Problem to solve:
The records that follow are to be repeated exactly, with the pictures removed.

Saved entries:

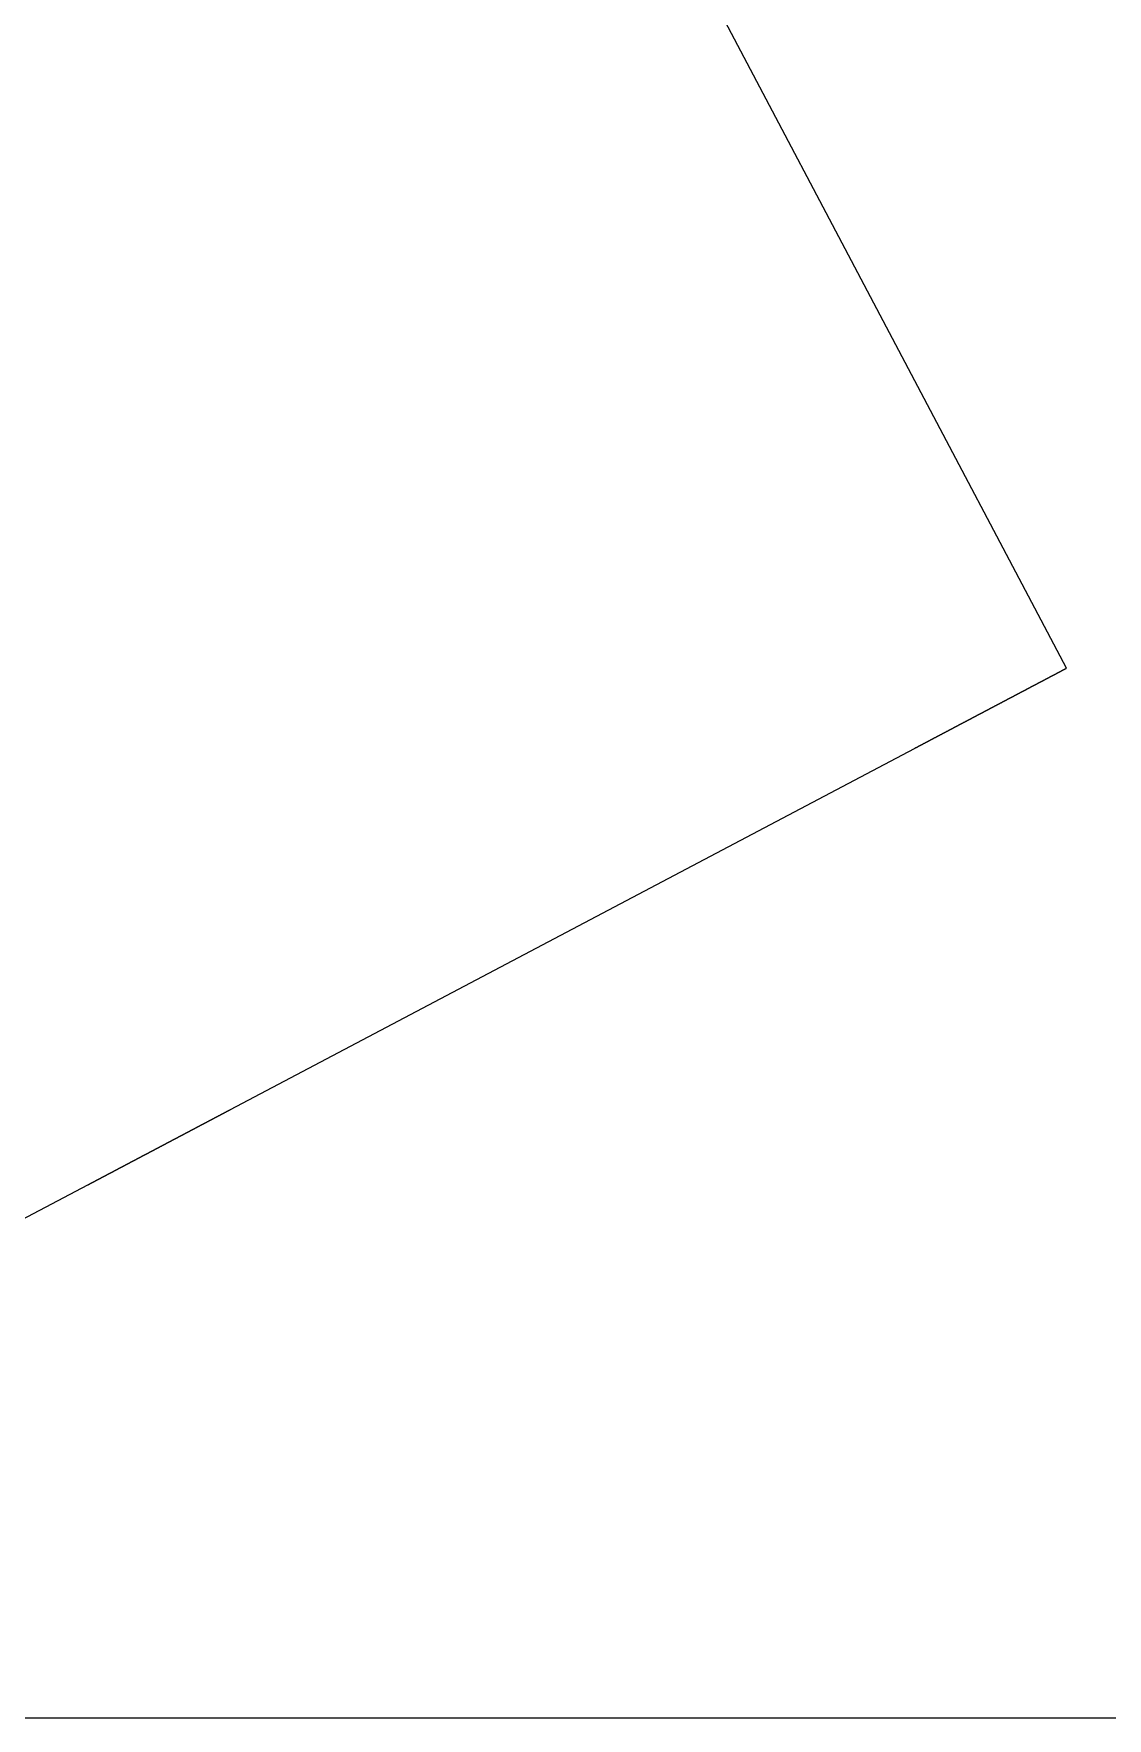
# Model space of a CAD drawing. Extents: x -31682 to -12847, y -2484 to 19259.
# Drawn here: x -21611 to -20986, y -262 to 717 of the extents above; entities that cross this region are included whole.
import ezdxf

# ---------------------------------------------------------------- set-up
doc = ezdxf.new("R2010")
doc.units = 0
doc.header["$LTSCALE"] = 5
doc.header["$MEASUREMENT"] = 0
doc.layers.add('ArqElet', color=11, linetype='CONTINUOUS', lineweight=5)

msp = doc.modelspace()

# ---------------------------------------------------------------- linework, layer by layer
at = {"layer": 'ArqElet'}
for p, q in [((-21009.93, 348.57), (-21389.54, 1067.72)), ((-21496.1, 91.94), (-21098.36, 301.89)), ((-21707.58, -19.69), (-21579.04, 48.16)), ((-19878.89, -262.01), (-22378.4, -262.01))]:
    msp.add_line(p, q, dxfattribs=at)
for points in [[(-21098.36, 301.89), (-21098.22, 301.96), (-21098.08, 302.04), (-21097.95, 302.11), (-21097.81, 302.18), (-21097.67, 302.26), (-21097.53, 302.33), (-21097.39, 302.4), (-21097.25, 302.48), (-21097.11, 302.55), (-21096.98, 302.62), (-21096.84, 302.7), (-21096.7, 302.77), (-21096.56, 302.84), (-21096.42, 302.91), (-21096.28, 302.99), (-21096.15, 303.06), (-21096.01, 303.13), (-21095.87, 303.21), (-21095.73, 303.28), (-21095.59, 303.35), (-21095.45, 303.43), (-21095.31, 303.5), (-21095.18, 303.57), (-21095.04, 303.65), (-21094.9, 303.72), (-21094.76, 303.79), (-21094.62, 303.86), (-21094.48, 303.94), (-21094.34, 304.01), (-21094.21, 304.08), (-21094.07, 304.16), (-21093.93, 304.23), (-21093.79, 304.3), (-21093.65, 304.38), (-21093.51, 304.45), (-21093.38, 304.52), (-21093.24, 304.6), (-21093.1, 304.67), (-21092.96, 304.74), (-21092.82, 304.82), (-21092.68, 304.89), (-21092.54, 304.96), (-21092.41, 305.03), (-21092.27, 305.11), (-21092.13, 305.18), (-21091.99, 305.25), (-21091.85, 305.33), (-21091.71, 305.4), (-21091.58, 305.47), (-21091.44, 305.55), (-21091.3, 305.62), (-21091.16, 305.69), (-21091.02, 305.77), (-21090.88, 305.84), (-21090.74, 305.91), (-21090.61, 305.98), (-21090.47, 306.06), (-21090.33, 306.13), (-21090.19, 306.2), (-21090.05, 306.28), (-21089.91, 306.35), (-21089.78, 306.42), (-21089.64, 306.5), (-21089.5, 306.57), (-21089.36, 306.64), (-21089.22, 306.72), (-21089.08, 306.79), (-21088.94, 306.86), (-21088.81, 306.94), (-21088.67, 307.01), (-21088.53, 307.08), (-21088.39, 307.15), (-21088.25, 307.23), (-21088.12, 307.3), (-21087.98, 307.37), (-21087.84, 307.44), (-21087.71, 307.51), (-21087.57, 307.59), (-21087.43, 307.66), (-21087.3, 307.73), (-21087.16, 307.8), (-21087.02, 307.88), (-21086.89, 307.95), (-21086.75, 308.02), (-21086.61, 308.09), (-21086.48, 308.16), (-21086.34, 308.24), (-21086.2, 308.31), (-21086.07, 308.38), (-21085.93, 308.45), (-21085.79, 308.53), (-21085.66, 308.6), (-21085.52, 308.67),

Response area:
# Model space of a CAD drawing. Extents: x -31682 to -12847, y -2484 to 19259.
# Drawn here: x -21611 to -20986, y -262 to 717 of the extents above; entities that cross this region are included whole.
import ezdxf

# ---------------------------------------------------------------- set-up
doc = ezdxf.new("R2010")
doc.units = 0
doc.header["$LTSCALE"] = 5
doc.header["$MEASUREMENT"] = 0
doc.layers.add('ArqElet', color=11, linetype='CONTINUOUS', lineweight=5)

msp = doc.modelspace()

# ---------------------------------------------------------------- linework, layer by layer
at = {"layer": 'ArqElet'}
for p, q in [((-21009.93, 348.57), (-21389.54, 1067.72)), ((-21496.1, 91.94), (-21098.36, 301.89)), ((-21707.58, -19.69), (-21579.04, 48.16)), ((-19878.89, -262.01), (-22378.4, -262.01))]:
    msp.add_line(p, q, dxfattribs=at)
for points in [[(-21098.36, 301.89), (-21098.22, 301.96), (-21098.08, 302.04), (-21097.95, 302.11), (-21097.81, 302.18), (-21097.67, 302.26), (-21097.53, 302.33), (-21097.39, 302.4), (-21097.25, 302.48), (-21097.11, 302.55), (-21096.98, 302.62), (-21096.84, 302.7), (-21096.7, 302.77), (-21096.56, 302.84), (-21096.42, 302.91), (-21096.28, 302.99), (-21096.15, 303.06), (-21096.01, 303.13), (-21095.87, 303.21), (-21095.73, 303.28), (-21095.59, 303.35), (-21095.45, 303.43), (-21095.31, 303.5), (-21095.18, 303.57), (-21095.04, 303.65), (-21094.9, 303.72), (-21094.76, 303.79), (-21094.62, 303.86), (-21094.48, 303.94), (-21094.34, 304.01), (-21094.21, 304.08), (-21094.07, 304.16), (-21093.93, 304.23), (-21093.79, 304.3), (-21093.65, 304.38), (-21093.51, 304.45), (-21093.38, 304.52), (-21093.24, 304.6), (-21093.1, 304.67), (-21092.96, 304.74), (-21092.82, 304.82), (-21092.68, 304.89), (-21092.54, 304.96), (-21092.41, 305.03), (-21092.27, 305.11), (-21092.13, 305.18), (-21091.99, 305.25), (-21091.85, 305.33), (-21091.71, 305.4), (-21091.58, 305.47), (-21091.44, 305.55), (-21091.3, 305.62), (-21091.16, 305.69), (-21091.02, 305.77), (-21090.88, 305.84), (-21090.74, 305.91), (-21090.61, 305.98), (-21090.47, 306.06), (-21090.33, 306.13), (-21090.19, 306.2), (-21090.05, 306.28), (-21089.91, 306.35), (-21089.78, 306.42), (-21089.64, 306.5), (-21089.5, 306.57), (-21089.36, 306.64), (-21089.22, 306.72), (-21089.08, 306.79), (-21088.94, 306.86), (-21088.81, 306.94), (-21088.67, 307.01), (-21088.53, 307.08), (-21088.39, 307.15), (-21088.25, 307.23), (-21088.12, 307.3), (-21087.98, 307.37), (-21087.84, 307.44), (-21087.71, 307.51), (-21087.57, 307.59), (-21087.43, 307.66), (-21087.3, 307.73), (-21087.16, 307.8), (-21087.02, 307.88), (-21086.89, 307.95), (-21086.75, 308.02), (-21086.61, 308.09), (-21086.48, 308.16), (-21086.34, 308.24), (-21086.2, 308.31), (-21086.07, 308.38), (-21085.93, 308.45), (-21085.79, 308.53), (-21085.66, 308.6), (-21085.52, 308.67),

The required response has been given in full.